The New Year! 2014 was supposed to be promising. But it’s been bleak. Plenty of introspective journeys while doing absolutely boring things, ranging from MRT rides to spacing out during conflicts. I’ve worked hard last year for damned weeks and yet others with more “prominent” achievements get recognised. Result? I’ve become an absolute slob. A shortcut-seeking sod looking for an exit for everything I’ve been doing. I’ve become an elitist who downplays the achievements of others whenever convenient. I’ve become one real hot-headed douche who cares not about others. Swears flow, excuses are made, tempers rise. I’m bloody damned aware that I’ve become worse and I’m bloody damned aware that I won’t give a rat’s ass in the future, but I’m a worse person so to speak. Can’t allow that to happen. I’m working on it.
Chinese New Year!

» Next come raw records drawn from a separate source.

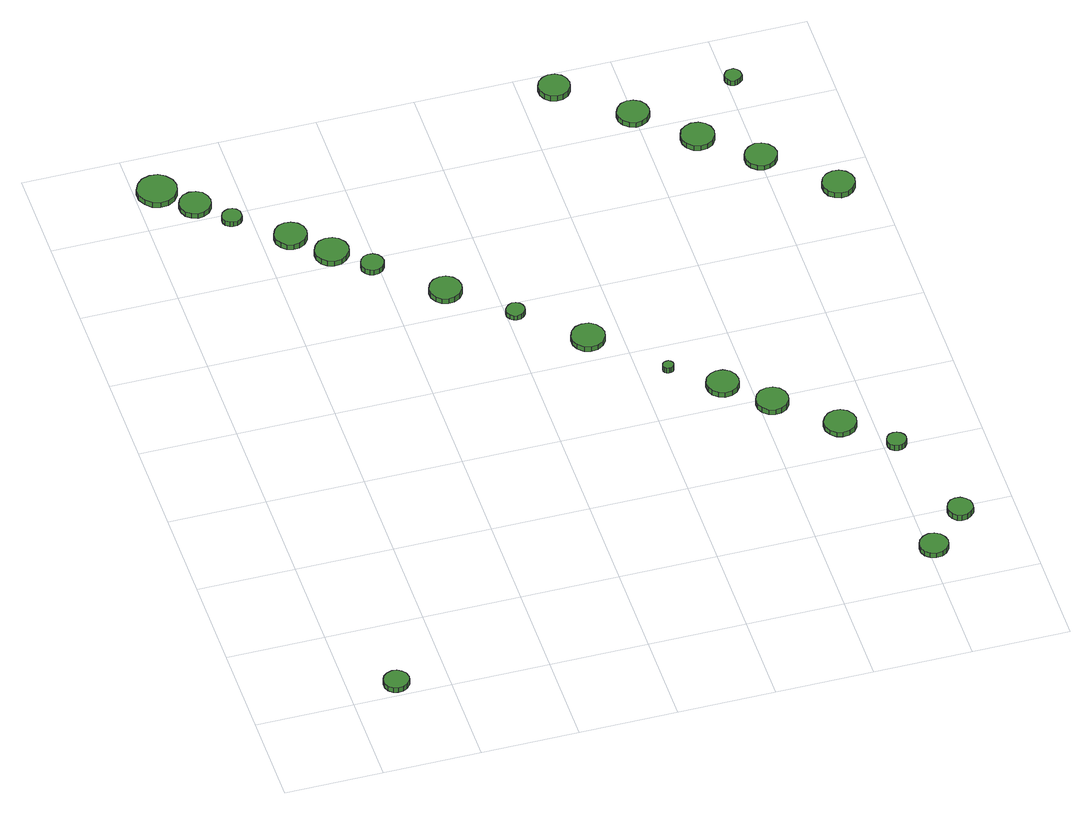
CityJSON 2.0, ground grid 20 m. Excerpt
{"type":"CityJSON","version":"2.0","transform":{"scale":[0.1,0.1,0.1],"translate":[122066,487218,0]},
"CityObjects":{
"tree1":{"type":"SolitaryVegetationObject","attributes":{"function":"something"},"geometry":[{"type":"MultiSurface","lod":"1","boundaries":[[[0,1,2,3,4,5,6,7,8,9,10,11,12,13,14]],[[15,16,17,18,19,20,21,22,23,24,25,26,27,28,29]],[[0,29,28,1]],[[1,28,27,2]],[[2,27,26,3]],[[3,26,25,4]],[[4,25,24,5]],[[5,24,23,6]],[[6,23,22,7]],[[7,22,21,8]],[[8,21,20,9]],[[9,20,19,10]],[[10,19,18,11]],[[11,18,17,12]],[[12,17,16,13]],[[13,16,15,14]],[[14,15,29,0]]]}]},
"tree2":{"type":"SolitaryVegetationObject","attributes":{"function":"something"},"geometry":[{"type":"MultiSurface","lod":"1","boundaries":[[[30,31,32,33,34,35,36,37,38,39,40,41,42,43,44]],[[45,46,47,48,49,50,51,52,53,54,55,56,57,58,59]],[[30,59,58,31]],[[31,58,57,32]],[[32,57,56,33]],[[33,56,55,34]],[[34,55,54,35]],[[35,54,53,36]],[[36,53,52,37]],[[37,52,51,38]],[[38,51,50,39]],[[39,50,49,40]],[[40,49,48,41]],[[41,48,47,42]],[[42,47,46,43]],[[43,46,45,44]],[[44,45,59,30]]]}]},
"tree3":{"type":"SolitaryVegetationObject","attributes":{"function":"something"},"geometry":[{"type":"MultiSurface","lod":"1","boundaries":[[[60,61,62,63,64,65,66,67,68,69,70,71,72,73,74]],[[75,76,77,78,79,80,81,82,83,84,85,86,87,88,89]],[[60,89,88,61]],[[61,88,87,62]],[[62,87,86,63]],[[63,86,85,64]],[[64,85,84,65]],[[65,84,83,66]],[[66,83,82,67]],[[67,82,81,68]],[[68,81,80,69]],[[69,80,79,70]],[[70,79,78,71]],[[71,78,77,72]],[[72,77,76,73]],[[73,76,75,74]],[[74,75,89,60]]]}]},
"tree4":{"type":"SolitaryVegetationObject","attributes":{"function":"something"},"geometry":[{"type":"MultiSurface","lod":"1","boundaries":[[[90,91,92,93,94,95,96,97,98,99,100,101,102,103,104]],[[105,106,107,108,109,110,111,112,113,114,115,116,117,118,119]],[[90,119,118,91]],[[91,118,117,92]],[[92,117,116,93]],[[93,116,115,94]],[[94,115,114,95]],[[95,114,113,96]],[[96,113,112,97]],[[97,112,111,98]],[[98,111,110,99]],[[99,110,109,100]],[[100,109,108,101]],[[101,108,107,102]],[[102,107,106,103]],[[103,106,105,104]],[[104,105,119,90]]]}]},
"tree5":{"type":"SolitaryVegetationObject","attributes":{"function":"something"},"geometry":[{"type":"MultiSurface","lod":"1","boundaries":[[[120,121,122,123,124,125,126,127,128,129,130,131,132,133,134]],[[135,136,137,138,139,140,141,142,143,144,145,146,147,148,149]],[[120,149,148,121]],[[121,148,147,122]],[[122,147,146,123]],[[123,146,145,124]],[[124,145,144,125]],[[125,144,143,126]],[[126,143,142,127]],[[127,142,141,128]],[[128,141,140,129]],[[129,140,139,130]],[[130,139,138,131]],[[131,138,137,132]],[[132,137,136,133]],[[133,136,135,134]],[[134,135,149,120]]]}]},
"tree6":{"type":"SolitaryVegetationObject","attributes":{"function":"something"},"geometry":[{"type":"MultiSurface","lod":"1","boundaries":[[[150,151,152,153,154,155,156,157,158,159,160,161,162,163,164]],[[165,166,167,168,169,170,171,172,173,174,175,176,177,178,179]],[[150,179,178,151]],[[151,178,177,152]],[[152,177,176,153]],[[153,176,175,154]],[[154,175,174,155]],[[155,174,173,156]],[[156,173,172,157]],[[157,172,171,158]],[[158,171,170,159]],[[159,170,169,160]],[[160,169,168,161]],[[161,168,167,162]],[[162,167,166,163]],[[163,166,165,164]],[[164,165,179,150]]]}]},
"tree7":{"type":"SolitaryVegetationObject","attributes":{"function":"something"},"geometry":[{"type":"MultiSurface","lod":"1","boundaries":[[[180,181,182,183,184,185,186,187,188,189,190,191,192,193,194]],[[195,196,197,198,199,200,201,202,203,204,205,206,207,208,209]],[[180,209,208,181]],[[181,208,207,182]],[[182,207,206,183]],[[183,206,205,184]],[[184,205,204,185]],[[185,204,203,186]],[[186,203,202,187]],[[187,202,201,188]],[[188,201,200,189]],[[189,200,199,190]],[[190,199,198,191]],[[191,198,197,192]],[[192,197,196,193]],[[193,196,195,194]],[[194,195,209,180]]]}]},
"tree8":{"type":"SolitaryVegetationObject","attributes":{"function":"something"},"geometry":[{"type":"MultiSurface","lod":"1","boundaries":[[[210,211,212,213,214,215,216,217,218,219,220,221,222,223,224]],[[225,226,227,228,229,230,231,232,233,234,235,236,237,238,239]],[[210,239,238,211]],[[211,238,237,212]],[[212,237,236,213]],[[213,236,235,214]],[[214,235,234,215]],[[215,234,233,216]],[[216,233,232,217]],[[217,232,231,218]],[[218,231,230,219]],[[219,230,229,220]],[[220,229,228,221]],[[221,228,227,222]],[[222,227,226,223]],[[223,226,225,224]],[[224,225,239,210]]]}]},
"tree9":{"type":"SolitaryVegetationObject","attributes":{"function":"something"},"geometry":[{"type":"MultiSurface","lod":"1","boundaries":[[[240,241,242,243,244,245,246,247,248,249,250,251,252,253,254]],[[255,256,257,258,259,260,261,262,263,264,265,266,267,268,269]],[[240,269,268,241]],[[241,268,267,242]],[[242,267,266,243]],[[243,266,265,244]],[[244,265,264,245]],[[245,264,263,246]],[[246,263,262,247]],[[247,262,261,248]],[[248,261,260,249]],[[249,260,259,250]],[[250,259,258,251]],[[251,258,257,252]],[[252,257,256,253]],[[253,256,255,254]],[[254,255,269,240]]]}]},
"tree10":{"type":"SolitaryVegetationObject","attributes":{"function":"something"},"geometry":[{"type":"MultiSurface","lod":"1","boundaries":[[[270,271,272,273,274,275,276,277,278,279,280,281,282,283,284]],[[285,286,287,288,289,290,291,292,293,294,295,296,297,298,299]],[[270,299,298,271]],[[271,298,297,272]],[[272,297,296,273]],[[273,296,295,274]],[[274,295,294,275]],[[275,294,293,276]],[[276,293,292,277]],[[277,292,291,278]],[[278,291,290,279]],[[279,290,289,280]],[[280,289,288,281]],[[281,288,287,282]],[[282,287,286,283]],[[283,286,285,284]],[[284,285,299,270]]]}]},
"tree11":{"type":"SolitaryVegetationObject","attributes":{"function":"something"},"geometry":[{"type":"MultiSurface","lod":"1","boundaries":[[[300,301,302,303,304,305,306,307,308,309,310,311,312,313,314]],[[315,316,317,318,319,320,321,322,323,324,325,326,327,328,329]],[[300,329,328,301]],[[301,328,327,302]],[[302,327,326,303]],[[303,326,325,304]],[[304,325,324,305]],[[305,324,323,306]],[[306,323,322,307]],[[307,322,321,308]],[[308,321,320,309]],[[309,320,319,310]],[[310,319,318,311]],[[311,318,317,312]],[[312,317,316,313]],[[313,316,315,314]],[[314,315,329,300]]]}]},
"tree12":{"type":"SolitaryVegetationObject","attributes":{"function":"something"},"geometry":[{"type":"MultiSurface","lod":"1","boundaries":[[[330,331,332,333,334,335,336,337,338,339,340,341,342,343,344]],[[345,346,347,348,349,350,351,352,353,354,355,356,357,358,359]],[[330,359,358,331]],[[331,358,357,332]],[[332,357,356,333]],[[333,356,355,334]],[[334,355,354,335]],[[335,354,353,336]],[[336,353,352,337]],[[337,352,351,338]],[[338,351,350,339]],[[339,350,349,340]],[[340,349,348,341]],[[341,348,347,342]],[[342,347,346,343]],[[343,346,345,344]],[[344,345,359,330]]]}]},
"tree13":{"type":"SolitaryVegetationObject","attributes":{"function":"something"},"geometry":[{"type":"MultiSurface","lod":"1","boundaries":[[[360,361,362,363,364,365,366,367,368,369,370,371,372,373,374]],[[375,376,377,378,379,380,381,382,383,384,385,386,387,388,389]],[[360,389,388,361]],[[361,388,387,362]],[[362,387,386,363]],[[363,386,385,364]],[[364,385,384,365]],[[365,384,383,366]],[[366,383,382,367]],[[367,382,381,368]],[[368,381,380,369]],[[369,380,379,370]],[[370,379,378,371]],[[371,378,377,372]],[[372,377,376,373]],[[373,376,375,374]],[[374,375,389,360]]]}]},
"tree14":{"type":"SolitaryVegetationObject","attributes":{"function":"something"},"geometry":[{"type":"MultiSurface","lod":"1","boundaries":[[[390,391,392,393,394,395,396,397,398,399,400,401,402,403,404]],[[405,406,407,408,409,410,411,412,413,414,415,416,417,418,419]],[[390,419,418,391]],[[391,418,417,392]],[[392,417,416,393]],[[393,416,415,394]],[[394,415,414,395]],[[395,414,413,396]],[[396,413,412,397]],[[397,412,411,398]],[[398,411,410,399]],[[399,410,409,400]],[[400,409,408,401]],[[401,408,407,402]],[[402,407,406,403]],[[403,406,405,404]],[[404,405,419,390]]]}]},
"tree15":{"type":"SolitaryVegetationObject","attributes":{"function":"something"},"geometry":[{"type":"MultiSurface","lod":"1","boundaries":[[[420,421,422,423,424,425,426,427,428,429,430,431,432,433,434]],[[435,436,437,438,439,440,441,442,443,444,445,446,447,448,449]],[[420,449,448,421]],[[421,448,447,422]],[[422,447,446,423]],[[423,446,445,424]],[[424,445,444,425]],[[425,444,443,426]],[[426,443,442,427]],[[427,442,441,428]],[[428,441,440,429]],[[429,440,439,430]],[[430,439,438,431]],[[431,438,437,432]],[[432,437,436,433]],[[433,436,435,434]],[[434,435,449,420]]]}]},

I am no longer in need of convincing that I cannot hold my liquor. A single shot is too much.
Next. They’ve made me do something about my fitness. I run and do statics whenever they want me to. Fair enough! I’m losing weight slowly again; hope I can find the strength I used to have back in J1.
I’m learning more about myself. I hope I’m wrong about some things.
holy fuck I’m gonna be 20 this year. DAMN IM OLD
Also, I’ve become happier ever since entering this goddamn hellhole where everyone’s a weird-ass mofo, (myself included so the part above where I said I’m elitist doesn’t apply here) which in all honesty scares me to shit. Perhaps the complete change in environment makes it easier to distance myself from all the sadness I’ve used to have. It’s making me much more brutish though (I’m talking throwing cement-grade biscuits at people’s faces out of pure anger), which I definitely detest about myself.
Finally, I think it’s time to revamp my about-me and maybe even the whole concept of this blog altogether. I’m interested in Web design again, but it’s a little daunting. I should start with a website. Man, in retrospect, my design skills sucked.
Maybe I’ll write something more fluent next time when it’s not 1:35am.
*Note: the above post may have sounded super vague, but I’m trying to not mention anything specific about my “job” now. Don’t want to think about it.